## YOUR OBJECTIVE
Set out exactly, and with nothing added, the line containing "Sum5/1 -> Sum1/3" and every line after it through the final line of the data.

## EXCERPTED RECORDS
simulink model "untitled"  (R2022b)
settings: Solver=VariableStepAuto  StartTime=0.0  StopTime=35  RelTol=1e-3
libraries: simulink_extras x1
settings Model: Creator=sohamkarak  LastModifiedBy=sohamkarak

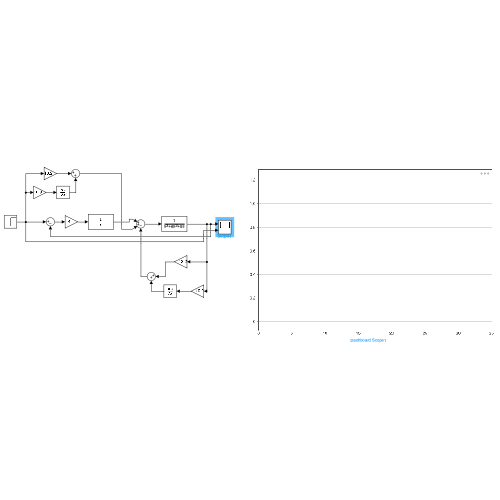
[thumbnail: Simulink's stored preview of the top-level diagram]
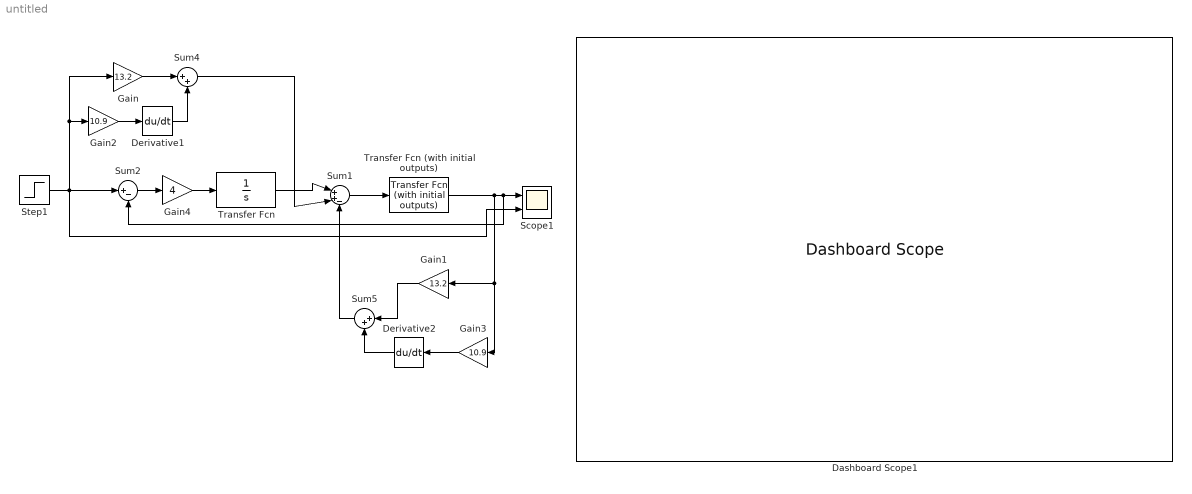
== system untitled ==
  Dashboard Scope1 : DashboardScope
  Derivative1 : Derivative
  Derivative2 : Derivative
  Gain : Gain  Gain=13.2
  Gain1 : Gain  Gain=13.2
  Gain2 : Gain  Gain=10.9
  Gain3 : Gain  Gain=10.9
  Gain4 : Gain  Gain=4
  Scope1 : Scope  NumInputPorts=2
  Step1 : Step  SampleTime=0
  Sum1 : Sum  Inputs=|++-
  Sum2 : Sum  Inputs=|+-
  Sum4 : Sum  Inputs=|++
  Sum5 : Sum  Inputs=|++
  Transfer Fcn : TransferFcn  Denominator=[1 0]
  Transfer Fcn (with initial outputs) : simulink_extras/Additional Linear/Transfer Fcn (with initial outputs)  N=[1]  D=[1 6 5 0]  Y0=0  U0=0
  wires:
  Transfer Fcn/1 -> Sum1/1
  Sum1/1 -> Transfer Fcn (with initial outputs)/1
  Sum4/1 -> Sum1/2
  Gain/1 -> Sum4/1
  Derivative1/1 -> Sum4/2
  Gain1/1 -> Sum5/1
  Step1/1 -> Scope1/2, Sum2/1, Gain/1, Gain2/1
  Transfer Fcn (with initial outputs)/1 -> Sum2/2, Scope1/1, Gain3/1, Gain1/1
  Sum5/1 -> Sum1/3
  Derivative2/1 -> Sum5/2
  Gain2/1 -> Derivative1/1
  Gain3/1 -> Derivative2/1
  Sum2/1 -> Gain4/1
  Gain4/1 -> Transfer Fcn/1

## COMPLETED TASK
  Sum5/1 -> Sum1/3
  Derivative2/1 -> Sum5/2
  Gain2/1 -> Derivative1/1
  Gain3/1 -> Derivative2/1
  Sum2/1 -> Gain4/1
  Gain4/1 -> Transfer Fcn/1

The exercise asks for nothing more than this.